We have three streams of material that have fed into Bill S-6. We have the work of the Scrutiny of Regulations Committee, often of a technical nature and to do with the integrity of the bill; we have the regulatory review consultation process with stakeholders and, finally, we have the targeted Regulatory Reviews that are led by departments.

Senator Batters: Senator Woo, thank you for that. However, my question remains unanswered.

Perhaps you can answer this: Is this the first regulatory statute of this type from the Trudeau government during its six and a half years in power? If not, how many have there been? How many meetings did your committee have during the last parliamentary session, given that we are already several months into this session and we just had the first meeting?

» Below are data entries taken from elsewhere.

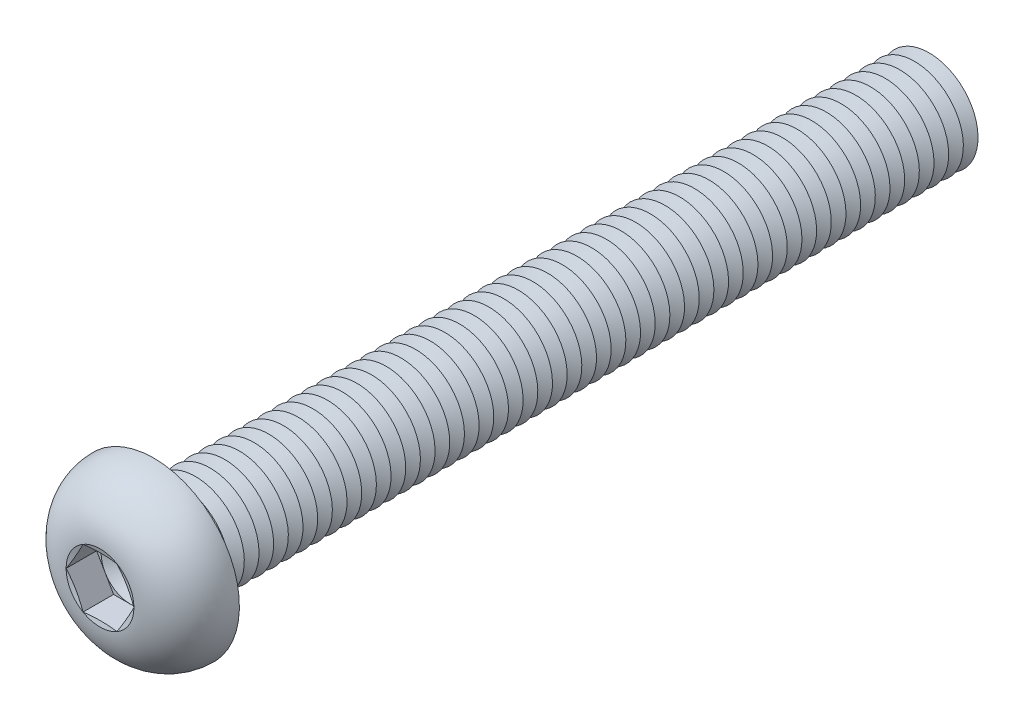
ISO-10303-21;
HEADER;
FILE_DESCRIPTION(('STEP AP214'),'2;1');
FILE_NAME('part.step','',(''),(''),'','','');
FILE_SCHEMA(('AUTOMOTIVE_DESIGN { 1 0 10303 214 1 1 1 1 }'));
ENDSEC;
DATA;
#1=APPLICATION_CONTEXT('core data for automotive mechanical design processes');
#2=APPLICATION_PROTOCOL_DEFINITION('international standard','automotive_design',2000,#1);
#3=PRODUCT_CONTEXT('',#1,'mechanical');
#4=PRODUCT('Part','Part','',(#3));
#5=PRODUCT_RELATED_PRODUCT_CATEGORY('part','',(#4));
#6=PRODUCT_DEFINITION_FORMATION('','',#4);
#7=PRODUCT_DEFINITION_CONTEXT('part definition',#1,'design');
#8=PRODUCT_DEFINITION('design','',#6,#7);
#9=PRODUCT_DEFINITION_SHAPE('','',#8);
#10=(LENGTH_UNIT() NAMED_UNIT(*) SI_UNIT(.MILLI.,.METRE.));
#11=(NAMED_UNIT(*) PLANE_ANGLE_UNIT() SI_UNIT($,.RADIAN.));
#12=(NAMED_UNIT(*) SI_UNIT($,.STERADIAN.) SOLID_ANGLE_UNIT());
#13=UNCERTAINTY_MEASURE_WITH_UNIT(LENGTH_MEASURE(1.E-05),#10,'distance_accuracy_value','');
#14=(GEOMETRIC_REPRESENTATION_CONTEXT(3) GLOBAL_UNCERTAINTY_ASSIGNED_CONTEXT((#13)) GLOBAL_UNIT_ASSIGNED_CONTEXT((#10,
#11,#12)) REPRESENTATION_CONTEXT('',''));
#15=CARTESIAN_POINT('',(0.,0.,0.));
#16=DIRECTION('',(0.,0.,1.));
#17=DIRECTION('',(1.,0.,0.));
#18=AXIS2_PLACEMENT_3D('',#15,#16,#17);
#19=CARTESIAN_POINT('',(0.,0.,2.38));
#20=DIRECTION('',(0.,0.,1.));
#21=DIRECTION('',(1.,0.,0.));
#22=AXIS2_PLACEMENT_3D('',#19,#20,#21);
#23=PLANE('',#22);
#24=CARTESIAN_POINT('',(0.,0.,2.38));
#25=DIRECTION('',(0.,0.,1.));
#26=DIRECTION('',(1.,0.,0.));
#27=AXIS2_PLACEMENT_3D('',#24,#25,#26);
#28=CIRCLE('',#27,2.99999860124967);
#29=CARTESIAN_POINT('',(2.598075,1.49999930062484,2.38));
#30=VERTEX_POINT('',#29);
#31=CARTESIAN_POINT('',(0.,2.99999860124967,2.38));
#32=VERTEX_POINT('',#31);
#33=EDGE_CURVE('E118',#30,#32,#28,.T.);
#34=ORIENTED_EDGE('',*,*,#33,.F.);
#35=DIRECTION('',(-0.500000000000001,0.866025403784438,0.));
#36=VECTOR('',#35,1.);
#37=CARTESIAN_POINT('',(3.4641,0.,2.38));
#38=LINE('',#37,#36);
#39=CARTESIAN_POINT('',(1.73205,2.99999860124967,2.38));
#40=VERTEX_POINT('',#39);
#41=EDGE_CURVE('E125',#30,#40,#38,.T.);
#42=ORIENTED_EDGE('',*,*,#41,.T.);
#43=DIRECTION('',(-1.,0.,0.));
#44=VECTOR('',#43,1.);
#45=CARTESIAN_POINT('',(1.73205,2.99999860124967,2.38));
#46=LINE('',#45,#44);
#47=EDGE_CURVE('E136',#40,#32,#46,.T.);
#48=ORIENTED_EDGE('',*,*,#47,.T.);
#49=EDGE_LOOP('',(#34,#42,#48));
#50=FACE_BOUND('',#49,.T.);
#51=ADVANCED_FACE('F39',(#50),#23,.T.);
#52=CARTESIAN_POINT('',(0.,0.,2.38));
#53=DIRECTION('',(0.,0.,1.));
#54=DIRECTION('',(1.,0.,0.));
#55=AXIS2_PLACEMENT_3D('',#52,#53,#54);
#56=CIRCLE('',#55,2.99999860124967);
#57=CARTESIAN_POINT('',(-2.598075,1.49999930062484,2.38));
#58=VERTEX_POINT('',#57);
#59=EDGE_CURVE('E11',#32,#58,#56,.T.);
#60=ORIENTED_EDGE('',*,*,#59,.F.);
#61=CARTESIAN_POINT('',(-1.73205,2.99999860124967,2.38));
#62=VERTEX_POINT('',#61);
#63=EDGE_CURVE('E131',#32,#62,#46,.T.);
#64=ORIENTED_EDGE('',*,*,#63,.T.);
#65=DIRECTION('',(-0.5,-0.866025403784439,0.));
#66=VECTOR('',#65,1.);
#67=CARTESIAN_POINT('',(-1.73205,2.99999860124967,2.38));
#68=LINE('',#67,#66);
#69=EDGE_CURVE('E134',#62,#58,#68,.T.);
#70=ORIENTED_EDGE('',*,*,#69,.T.);
#71=EDGE_LOOP('',(#60,#64,#70));
#72=FACE_BOUND('',#71,.T.);
#73=ADVANCED_FACE('F130',(#72),#23,.T.);
#74=CARTESIAN_POINT('',(-2.598075,-1.49999930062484,2.38));
#75=VERTEX_POINT('',#74);
#76=EDGE_CURVE('E49',#58,#75,#56,.T.);
#77=ORIENTED_EDGE('',*,*,#76,.F.);
#78=CARTESIAN_POINT('',(-3.4641,0.,2.38));
#79=VERTEX_POINT('',#78);
#80=EDGE_CURVE('E143',#58,#79,#68,.T.);
#81=ORIENTED_EDGE('',*,*,#80,.T.);
#82=DIRECTION('',(0.5,-0.866025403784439,0.));
#83=VECTOR('',#82,1.);
#84=CARTESIAN_POINT('',(-3.4641,0.,2.38));
#85=LINE('',#84,#83);
#86=EDGE_CURVE('E151',#79,#75,#85,.T.);
#87=ORIENTED_EDGE('',*,*,#86,.T.);
#88=EDGE_LOOP('',(#77,#81,#87));
#89=FACE_BOUND('',#88,.T.);
#90=ADVANCED_FACE('F483',(#89),#23,.T.);
#91=CARTESIAN_POINT('',(0.,-2.99999860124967,2.38));
#92=VERTEX_POINT('',#91);
#93=EDGE_CURVE('E467',#75,#92,#56,.T.);
#94=ORIENTED_EDGE('',*,*,#93,.F.);
#95=CARTESIAN_POINT('',(-1.73205,-2.99999860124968,2.38));
#96=VERTEX_POINT('',#95);
#97=EDGE_CURVE('E150',#75,#96,#85,.T.);
#98=ORIENTED_EDGE('',*,*,#97,.T.);
#99=DIRECTION('',(1.,0.,0.));
#100=VECTOR('',#99,1.);
#101=CARTESIAN_POINT('',(-1.73205,-2.99999860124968,2.38));
#102=LINE('',#101,#100);
#103=EDGE_CURVE('E156',#96,#92,#102,.T.);
#104=ORIENTED_EDGE('',*,*,#103,.T.);
#105=EDGE_LOOP('',(#94,#98,#104));
#106=FACE_BOUND('',#105,.T.);
#107=ADVANCED_FACE('F478',(#106),#23,.T.);
#108=CARTESIAN_POINT('',(2.598075,-1.49999930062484,2.38));
#109=VERTEX_POINT('',#108);
#110=EDGE_CURVE('E56',#92,#109,#56,.T.);
#111=ORIENTED_EDGE('',*,*,#110,.F.);
#112=CARTESIAN_POINT('',(1.73205,-2.99999860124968,2.38));
#113=VERTEX_POINT('',#112);
#114=EDGE_CURVE('E155',#92,#113,#102,.T.);
#115=ORIENTED_EDGE('',*,*,#114,.T.);
#116=DIRECTION('',(0.5,0.866025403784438,0.));
#117=VECTOR('',#116,1.);
#118=CARTESIAN_POINT('',(1.73205,-2.99999860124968,2.38));
#119=LINE('',#118,#117);
#120=EDGE_CURVE('E161',#113,#109,#119,.T.);
#121=ORIENTED_EDGE('',*,*,#120,.T.);
#122=EDGE_LOOP('',(#111,#115,#121));
#123=FACE_BOUND('',#122,.T.);
#124=ADVANCED_FACE('F603',(#123),#23,.T.);
#125=CARTESIAN_POINT('',(0.,0.,5.50000000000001));
#126=DIRECTION('',(0.,0.,1.));
#127=DIRECTION('',(0.,-1.,0.));
#128=AXIS2_PLACEMENT_3D('',#125,#126,#127);
#129=CONICAL_SURFACE('',#128,3.4641,1.30899693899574);
#130=CARTESIAN_POINT('',(3.46421547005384,-0.000200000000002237,5.50003094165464));
#131=CARTESIAN_POINT('',(3.39227822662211,0.124398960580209,5.48074619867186));
#132=CARTESIAN_POINT('',(3.32021054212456,0.249223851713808,5.46323875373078));
#133=CARTESIAN_POINT('',(3.17582062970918,0.499314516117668,5.43247971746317));
#134=CARTESIAN_POINT('',(3.10349831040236,0.624580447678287,5.41922985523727));
#135=CARTESIAN_POINT('',(2.95903767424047,0.874793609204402,5.39775958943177));
#136=CARTESIAN_POINT('',(2.88690033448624,0.999739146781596,5.38951357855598));
#137=CARTESIAN_POINT('',(2.74253364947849,1.2497895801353,5.37845651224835));
#138=CARTESIAN_POINT('',(2.67030432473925,1.37489444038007,5.3756444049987));
#139=CARTESIAN_POINT('',(2.52584567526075,1.6251041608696,5.3756444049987));
#140=CARTESIAN_POINT('',(2.45361635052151,1.75020902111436,5.37845651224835));
#141=CARTESIAN_POINT('',(2.30924966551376,2.00025945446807,5.38951357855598));
#142=CARTESIAN_POINT('',(2.23711232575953,2.12520499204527,5.39775958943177));
#143=CARTESIAN_POINT('',(2.09265168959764,2.37541815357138,5.41922985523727));
#144=CARTESIAN_POINT('',(2.02032937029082,2.500684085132,5.43247971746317));
#145=CARTESIAN_POINT('',(1.87593945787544,2.75077474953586,5.46323875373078));
#146=CARTESIAN_POINT('',(1.80387177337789,2.87559964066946,5.48074619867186));
#147=CARTESIAN_POINT('',(1.73193452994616,3.00019860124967,5.50003094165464));
#148=B_SPLINE_CURVE_WITH_KNOTS('',3,(#130,#131,#132,#133,#134,#135,#136,#137,#138,#139,#140,
#141,#142,#143,#144,#145,#146,#147),.UNSPECIFIED.,.F.,.F.,(4,2,2,2,2,2,2,2,4),(0.,
0.435506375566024,0.871189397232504,1.3046235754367,1.7379738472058,2.1713241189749,
2.6047582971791,3.04044131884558,3.4759476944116),.UNSPECIFIED.);
#149=CARTESIAN_POINT('',(3.4641,0.,5.5));
#150=VERTEX_POINT('',#149);
#151=CARTESIAN_POINT('',(1.73204999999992,2.99999860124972,5.50000000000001));
#152=VERTEX_POINT('',#151);
#153=EDGE_CURVE('E228',#150,#152,#148,.T.);
#154=ORIENTED_EDGE('',*,*,#153,.F.);
#155=CARTESIAN_POINT('',(0.,0.,5.50000000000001));
#156=DIRECTION('',(0.,0.,-1.));
#157=DIRECTION('',(0.,1.,0.));
#158=AXIS2_PLACEMENT_3D('',#155,#156,#157);
#159=CIRCLE('',#158,3.4641);
#160=EDGE_CURVE('E308',#152,#150,#159,.T.);
#161=ORIENTED_EDGE('',*,*,#160,.F.);
#162=EDGE_LOOP('',(#154,#161));
#163=FACE_BOUND('',#162,.T.);
#164=ADVANCED_FACE('F499',(#163),#129,.F.);
#165=CARTESIAN_POINT('',(1.73193452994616,-3.00019860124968,5.50003094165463));
#166=CARTESIAN_POINT('',(1.80387177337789,-2.87559964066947,5.48074619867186));
#167=CARTESIAN_POINT('',(1.87593945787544,-2.75077474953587,5.46323875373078));
#168=CARTESIAN_POINT('',(2.02032937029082,-2.50068408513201,5.43247971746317));
#169=CARTESIAN_POINT('',(2.09265168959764,-2.37541815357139,5.41922985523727));
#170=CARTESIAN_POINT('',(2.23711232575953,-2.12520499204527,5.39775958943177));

Senator Woo: We call this the second Annual Regulatory Modernization Bill. The first one was part of the 2019 Budget Implementation Act. It was embedded within that bill but clearly spelled out as the first set of regulatory modernization activities. The short answer is that this is number two.

Insofar as Scrutiny of Regulations Committee meetings during the last Parliament, I believe we had one substantive meeting. The reasons are well known to all of us. It was lower in the pecking order in terms of priority time slots for committees to meet. Being a joint committee made it more complicated. There were delays in the nomination of the joint chair on the other side and, of course, there was a short parliamentary session.

However, as I mentioned, we now have some runway. With a bit of luck, we can get five meetings in before the end of June, and we hope to get a lot done.

Hon. David Richards: Senator Woo, would you take a quick question?

Senator Woo: Yes, of course.

Senator Richards: You mentioned in this regulations act the relaxation of fishery charges. Would you have information on which specific charges you are talking about? If you don’t have the information at hand, could you send me an email about this, please?

Senator Woo: Thank you, Senator Richards. The best place to get those detailed answers is in committee. I look forward to detailed scrutiny. I think it’s not so much a relaxation of rules but, rather, the ability for fisheries officers to legally use alternative dispute settlement mechanisms for minor infractions of the Fisheries Act.

Hon. Dennis Glen Patterson: I would like to ask Senator Woo a question.

Senator Woo, thank you for that informative speech. You have urged that the bill go to committee; however, it covers a broad area and a number of existing statutes. Do you see one committee being a main committee? How would committees of the Senate deal with such a broad piece of legislation? Thank you.

Senator Woo: Thank you, Senator Patterson. The question and the decision on which committee or committees the bill goes to are now beyond my pay grade. I know the leaders are discussing this issue. I believe they are contemplating sending the bill to multiple committees. I think we can roughly guess which committees are suited for which amendments.

I do agree with you — if, in fact, this is what you were suggesting — that there should be a master committee; again, I leave that decision to the leadership.

What I will say, though, colleagues, is that if we agree that regulatory modernization is a good thing and that we should do it on a regular basis — sort of like housecleaning, right? — if we have to do spring cleaning every year, let’s think about how best to do it in the Senate and how best to organize ourselves so that we don’t have to debate which broom to use and which mop is the most efficient.

Personally, I would like to see us play a leadership role in the broader issue of regulatory reform for this country and to provide some leadership in Parliament in terms of pushing forward this agenda on a regular basis, regardless of the government in place. This bill will give us the opportunity to think about what some best practices might be.